PD-L1 co-stimulation contributes to ligand-induced T cell receptor down-modulation on CD8+ T cells

Abstract

T cell receptor (TCR) down-modulation after antigen presentation is a fundamental process that regulates TCR signal transduction. Current understanding of this process is that intrinsic TCR/CD28 signal transduction leads to TCR down-modulation. Here, we show that the interaction between programmed cell death 1 ligand 1 (PD-L1) on dendritic cells (DCs) and programmed death 1 (PD-1) on CD8 T cells contributes to ligand-induced TCR down-modulation. We provide evidence that this occurs via Casitas B-lymphoma (Cbl)-b E3 ubiquitin ligase up-regulation in CD8 T cells. Interference with PD-L1/PD-1 signalling markedly inhibits TCR down-modulation leading to hyper-activated, proliferative CD8 T cells as assessed in vitro and in vivo in an arthritis model. PD-L1 silencing accelerates anti-tumour immune responses and strongly potentiates DC anti-tumour capacities, when combined with mitogen-activated kinase (MAPK) modulators that promote DC activation.

Figure 1. PD-L1 silencing in antigen presenting DCs inhibits TCR down-modulation in CD8⁺ T cells

1. Lentivector co-delivery platform of IiOVA with shRNA-p5 (top).
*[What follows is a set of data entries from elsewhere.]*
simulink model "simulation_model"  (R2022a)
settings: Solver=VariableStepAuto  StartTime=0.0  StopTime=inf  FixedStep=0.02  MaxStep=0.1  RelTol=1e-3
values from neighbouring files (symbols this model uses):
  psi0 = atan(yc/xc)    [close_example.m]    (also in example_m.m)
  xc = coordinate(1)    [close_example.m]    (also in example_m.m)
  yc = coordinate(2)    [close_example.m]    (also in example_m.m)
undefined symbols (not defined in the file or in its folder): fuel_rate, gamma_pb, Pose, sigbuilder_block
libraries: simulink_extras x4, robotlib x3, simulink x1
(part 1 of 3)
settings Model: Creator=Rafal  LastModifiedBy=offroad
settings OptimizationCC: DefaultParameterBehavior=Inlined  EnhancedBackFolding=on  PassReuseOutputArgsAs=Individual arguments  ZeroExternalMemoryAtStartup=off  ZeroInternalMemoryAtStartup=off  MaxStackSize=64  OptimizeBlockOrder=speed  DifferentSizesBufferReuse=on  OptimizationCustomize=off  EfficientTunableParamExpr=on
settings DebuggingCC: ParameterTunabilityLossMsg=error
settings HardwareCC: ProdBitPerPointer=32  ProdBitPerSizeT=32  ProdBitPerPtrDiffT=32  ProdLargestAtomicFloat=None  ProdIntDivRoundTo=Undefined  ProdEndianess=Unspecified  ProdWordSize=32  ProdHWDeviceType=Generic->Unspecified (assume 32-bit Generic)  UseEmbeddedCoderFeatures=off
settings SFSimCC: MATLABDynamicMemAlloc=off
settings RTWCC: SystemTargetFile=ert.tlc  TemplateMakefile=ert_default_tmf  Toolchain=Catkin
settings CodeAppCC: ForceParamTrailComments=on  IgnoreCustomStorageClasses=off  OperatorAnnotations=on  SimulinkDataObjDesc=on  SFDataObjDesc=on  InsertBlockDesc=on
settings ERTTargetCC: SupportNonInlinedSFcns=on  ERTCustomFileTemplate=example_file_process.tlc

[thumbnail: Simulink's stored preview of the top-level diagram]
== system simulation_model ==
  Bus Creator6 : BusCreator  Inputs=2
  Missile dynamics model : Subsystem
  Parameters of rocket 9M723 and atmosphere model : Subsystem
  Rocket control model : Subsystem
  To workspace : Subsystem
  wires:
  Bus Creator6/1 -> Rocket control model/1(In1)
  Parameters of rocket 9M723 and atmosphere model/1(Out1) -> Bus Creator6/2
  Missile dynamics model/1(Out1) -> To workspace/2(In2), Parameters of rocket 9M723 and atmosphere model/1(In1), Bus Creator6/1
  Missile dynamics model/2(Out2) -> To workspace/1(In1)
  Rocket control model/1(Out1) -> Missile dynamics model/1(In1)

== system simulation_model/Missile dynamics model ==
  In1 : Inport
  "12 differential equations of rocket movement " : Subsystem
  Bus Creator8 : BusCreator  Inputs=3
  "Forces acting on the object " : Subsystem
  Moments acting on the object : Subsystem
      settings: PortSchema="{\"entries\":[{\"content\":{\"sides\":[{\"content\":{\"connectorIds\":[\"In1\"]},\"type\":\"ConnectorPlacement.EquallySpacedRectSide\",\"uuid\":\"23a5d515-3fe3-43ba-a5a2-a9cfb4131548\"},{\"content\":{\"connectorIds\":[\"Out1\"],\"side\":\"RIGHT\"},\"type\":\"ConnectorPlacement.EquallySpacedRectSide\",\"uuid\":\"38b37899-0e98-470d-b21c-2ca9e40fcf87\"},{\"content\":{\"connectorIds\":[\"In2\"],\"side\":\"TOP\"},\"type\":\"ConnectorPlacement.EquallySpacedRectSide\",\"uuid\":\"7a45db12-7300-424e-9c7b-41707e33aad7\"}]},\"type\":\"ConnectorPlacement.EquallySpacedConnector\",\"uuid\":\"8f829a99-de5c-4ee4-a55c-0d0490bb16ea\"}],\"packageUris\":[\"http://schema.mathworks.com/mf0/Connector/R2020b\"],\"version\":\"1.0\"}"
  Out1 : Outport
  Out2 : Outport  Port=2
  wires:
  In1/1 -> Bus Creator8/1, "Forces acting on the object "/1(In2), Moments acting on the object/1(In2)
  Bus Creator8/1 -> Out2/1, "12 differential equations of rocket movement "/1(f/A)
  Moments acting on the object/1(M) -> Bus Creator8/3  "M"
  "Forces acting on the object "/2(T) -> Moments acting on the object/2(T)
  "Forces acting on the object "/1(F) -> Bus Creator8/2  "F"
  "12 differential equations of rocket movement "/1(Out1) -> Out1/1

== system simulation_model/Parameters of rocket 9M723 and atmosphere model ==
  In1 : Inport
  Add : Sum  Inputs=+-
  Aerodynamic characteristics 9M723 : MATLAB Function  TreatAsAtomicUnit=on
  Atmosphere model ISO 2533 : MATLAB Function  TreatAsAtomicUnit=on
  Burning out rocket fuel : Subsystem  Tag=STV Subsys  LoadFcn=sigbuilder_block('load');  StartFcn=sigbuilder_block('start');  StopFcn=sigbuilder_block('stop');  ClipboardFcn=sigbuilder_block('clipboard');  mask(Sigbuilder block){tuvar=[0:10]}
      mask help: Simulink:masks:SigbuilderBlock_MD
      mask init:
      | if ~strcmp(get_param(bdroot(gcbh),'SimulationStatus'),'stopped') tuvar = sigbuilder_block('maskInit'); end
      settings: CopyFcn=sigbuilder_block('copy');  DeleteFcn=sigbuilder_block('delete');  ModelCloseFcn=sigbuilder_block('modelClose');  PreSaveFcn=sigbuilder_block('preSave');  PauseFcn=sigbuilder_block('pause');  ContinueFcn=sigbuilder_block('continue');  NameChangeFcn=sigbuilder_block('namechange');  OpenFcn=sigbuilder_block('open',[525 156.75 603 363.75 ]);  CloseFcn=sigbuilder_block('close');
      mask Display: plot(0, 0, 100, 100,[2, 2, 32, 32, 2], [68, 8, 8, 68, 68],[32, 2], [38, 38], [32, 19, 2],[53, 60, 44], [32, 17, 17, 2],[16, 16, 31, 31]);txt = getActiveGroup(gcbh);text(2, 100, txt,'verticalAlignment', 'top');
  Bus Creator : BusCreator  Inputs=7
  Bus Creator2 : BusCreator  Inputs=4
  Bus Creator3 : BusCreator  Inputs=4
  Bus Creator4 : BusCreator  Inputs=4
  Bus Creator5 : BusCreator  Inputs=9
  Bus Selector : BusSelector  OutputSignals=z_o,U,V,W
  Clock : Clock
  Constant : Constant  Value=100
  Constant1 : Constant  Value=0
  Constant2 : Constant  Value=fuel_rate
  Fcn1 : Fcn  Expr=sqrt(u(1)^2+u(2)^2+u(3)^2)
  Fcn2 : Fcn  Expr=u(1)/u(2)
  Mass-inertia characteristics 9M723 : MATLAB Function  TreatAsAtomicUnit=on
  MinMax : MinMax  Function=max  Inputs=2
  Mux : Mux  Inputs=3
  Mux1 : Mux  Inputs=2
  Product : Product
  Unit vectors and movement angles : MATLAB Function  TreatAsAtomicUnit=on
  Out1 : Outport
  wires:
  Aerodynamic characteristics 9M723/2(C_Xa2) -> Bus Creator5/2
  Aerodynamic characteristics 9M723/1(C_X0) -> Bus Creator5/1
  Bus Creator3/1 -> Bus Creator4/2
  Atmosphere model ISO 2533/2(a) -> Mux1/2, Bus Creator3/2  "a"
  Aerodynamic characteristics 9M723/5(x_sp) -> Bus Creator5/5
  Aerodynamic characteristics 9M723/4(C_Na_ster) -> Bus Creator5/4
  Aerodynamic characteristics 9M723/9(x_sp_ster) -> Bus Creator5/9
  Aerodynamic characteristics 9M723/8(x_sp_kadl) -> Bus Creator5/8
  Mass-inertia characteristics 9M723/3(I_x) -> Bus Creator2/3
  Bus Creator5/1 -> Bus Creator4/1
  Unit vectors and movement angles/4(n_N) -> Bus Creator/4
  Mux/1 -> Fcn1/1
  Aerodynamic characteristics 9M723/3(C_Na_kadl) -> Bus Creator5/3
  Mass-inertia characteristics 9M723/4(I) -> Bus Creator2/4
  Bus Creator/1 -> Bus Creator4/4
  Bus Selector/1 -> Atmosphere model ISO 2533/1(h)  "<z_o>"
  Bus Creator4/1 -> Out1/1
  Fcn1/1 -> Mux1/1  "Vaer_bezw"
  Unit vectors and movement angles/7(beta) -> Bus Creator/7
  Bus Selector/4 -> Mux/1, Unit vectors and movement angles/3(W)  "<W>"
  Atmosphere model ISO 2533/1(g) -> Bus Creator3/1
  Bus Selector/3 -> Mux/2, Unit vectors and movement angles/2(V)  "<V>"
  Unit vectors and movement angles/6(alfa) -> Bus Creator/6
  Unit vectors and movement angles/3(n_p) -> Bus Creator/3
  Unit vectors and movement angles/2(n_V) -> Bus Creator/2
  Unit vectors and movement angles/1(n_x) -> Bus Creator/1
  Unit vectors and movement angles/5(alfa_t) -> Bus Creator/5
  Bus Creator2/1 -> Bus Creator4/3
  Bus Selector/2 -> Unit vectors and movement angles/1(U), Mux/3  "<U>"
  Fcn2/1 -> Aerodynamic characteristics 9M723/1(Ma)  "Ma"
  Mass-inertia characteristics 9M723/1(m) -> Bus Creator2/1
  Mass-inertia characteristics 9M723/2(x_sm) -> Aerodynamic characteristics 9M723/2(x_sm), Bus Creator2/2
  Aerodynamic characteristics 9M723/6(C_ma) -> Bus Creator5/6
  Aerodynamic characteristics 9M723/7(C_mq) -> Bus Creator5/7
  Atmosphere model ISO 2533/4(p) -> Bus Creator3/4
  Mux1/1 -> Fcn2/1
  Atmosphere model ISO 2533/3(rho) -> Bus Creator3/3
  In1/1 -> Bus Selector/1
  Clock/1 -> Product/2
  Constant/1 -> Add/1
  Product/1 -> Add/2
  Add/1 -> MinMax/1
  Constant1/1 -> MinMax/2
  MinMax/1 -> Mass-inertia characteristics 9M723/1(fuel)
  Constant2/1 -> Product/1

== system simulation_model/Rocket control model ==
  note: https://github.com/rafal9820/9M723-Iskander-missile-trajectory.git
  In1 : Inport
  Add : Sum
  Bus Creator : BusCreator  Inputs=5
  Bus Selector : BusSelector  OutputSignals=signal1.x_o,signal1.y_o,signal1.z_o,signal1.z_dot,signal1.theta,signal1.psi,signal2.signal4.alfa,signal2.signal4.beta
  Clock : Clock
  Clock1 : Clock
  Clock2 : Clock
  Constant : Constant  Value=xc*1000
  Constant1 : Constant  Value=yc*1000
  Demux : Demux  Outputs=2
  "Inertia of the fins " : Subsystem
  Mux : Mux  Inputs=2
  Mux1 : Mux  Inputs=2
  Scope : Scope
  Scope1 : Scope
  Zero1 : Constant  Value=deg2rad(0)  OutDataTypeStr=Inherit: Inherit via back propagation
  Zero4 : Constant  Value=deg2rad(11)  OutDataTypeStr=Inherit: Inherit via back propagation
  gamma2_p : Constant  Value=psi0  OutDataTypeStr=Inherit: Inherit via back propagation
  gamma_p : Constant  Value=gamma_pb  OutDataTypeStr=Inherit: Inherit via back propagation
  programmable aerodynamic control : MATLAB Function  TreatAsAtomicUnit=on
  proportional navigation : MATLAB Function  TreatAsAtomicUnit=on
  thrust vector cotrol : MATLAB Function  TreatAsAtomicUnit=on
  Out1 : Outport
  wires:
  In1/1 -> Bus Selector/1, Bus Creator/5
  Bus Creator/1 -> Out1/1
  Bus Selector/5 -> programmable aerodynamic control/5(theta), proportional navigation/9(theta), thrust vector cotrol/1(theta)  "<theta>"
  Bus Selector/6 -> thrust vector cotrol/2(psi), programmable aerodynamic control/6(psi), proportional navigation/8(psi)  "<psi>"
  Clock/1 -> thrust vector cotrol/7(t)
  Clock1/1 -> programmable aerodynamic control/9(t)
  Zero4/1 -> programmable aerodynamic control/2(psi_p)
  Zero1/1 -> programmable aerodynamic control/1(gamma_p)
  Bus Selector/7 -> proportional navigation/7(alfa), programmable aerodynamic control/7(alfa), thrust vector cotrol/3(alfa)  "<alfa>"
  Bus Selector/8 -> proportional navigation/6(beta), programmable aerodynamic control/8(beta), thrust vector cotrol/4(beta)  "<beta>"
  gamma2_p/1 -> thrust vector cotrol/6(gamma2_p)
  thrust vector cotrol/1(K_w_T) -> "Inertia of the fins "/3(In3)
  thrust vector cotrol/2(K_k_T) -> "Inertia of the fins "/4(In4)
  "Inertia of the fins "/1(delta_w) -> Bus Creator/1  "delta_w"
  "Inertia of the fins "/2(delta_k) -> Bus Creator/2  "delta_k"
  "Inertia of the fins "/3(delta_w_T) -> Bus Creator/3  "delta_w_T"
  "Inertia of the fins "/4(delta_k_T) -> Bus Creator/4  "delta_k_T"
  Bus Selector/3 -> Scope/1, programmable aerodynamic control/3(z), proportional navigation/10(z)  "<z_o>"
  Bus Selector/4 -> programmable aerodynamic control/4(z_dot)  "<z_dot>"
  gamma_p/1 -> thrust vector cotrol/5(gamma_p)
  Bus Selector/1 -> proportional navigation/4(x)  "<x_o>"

IiOVA expression (immunoblot, lower left) and GFP expression (graph, right).

2. Association between lentivector transduced DCs and antigen specific OT-I cells as indicated. Associated DC-T cells were quantified by microscopy.

3. Surface expression of transgenic OVA TCR chains in OT-I cells co-cultured for 4 days with DCs transduced with the indicated lentivectors (top). Transgenic OT-I cells are Vβ5.1.5.2^high and Vα2.1^high (circles), the their percentages shown within the gate.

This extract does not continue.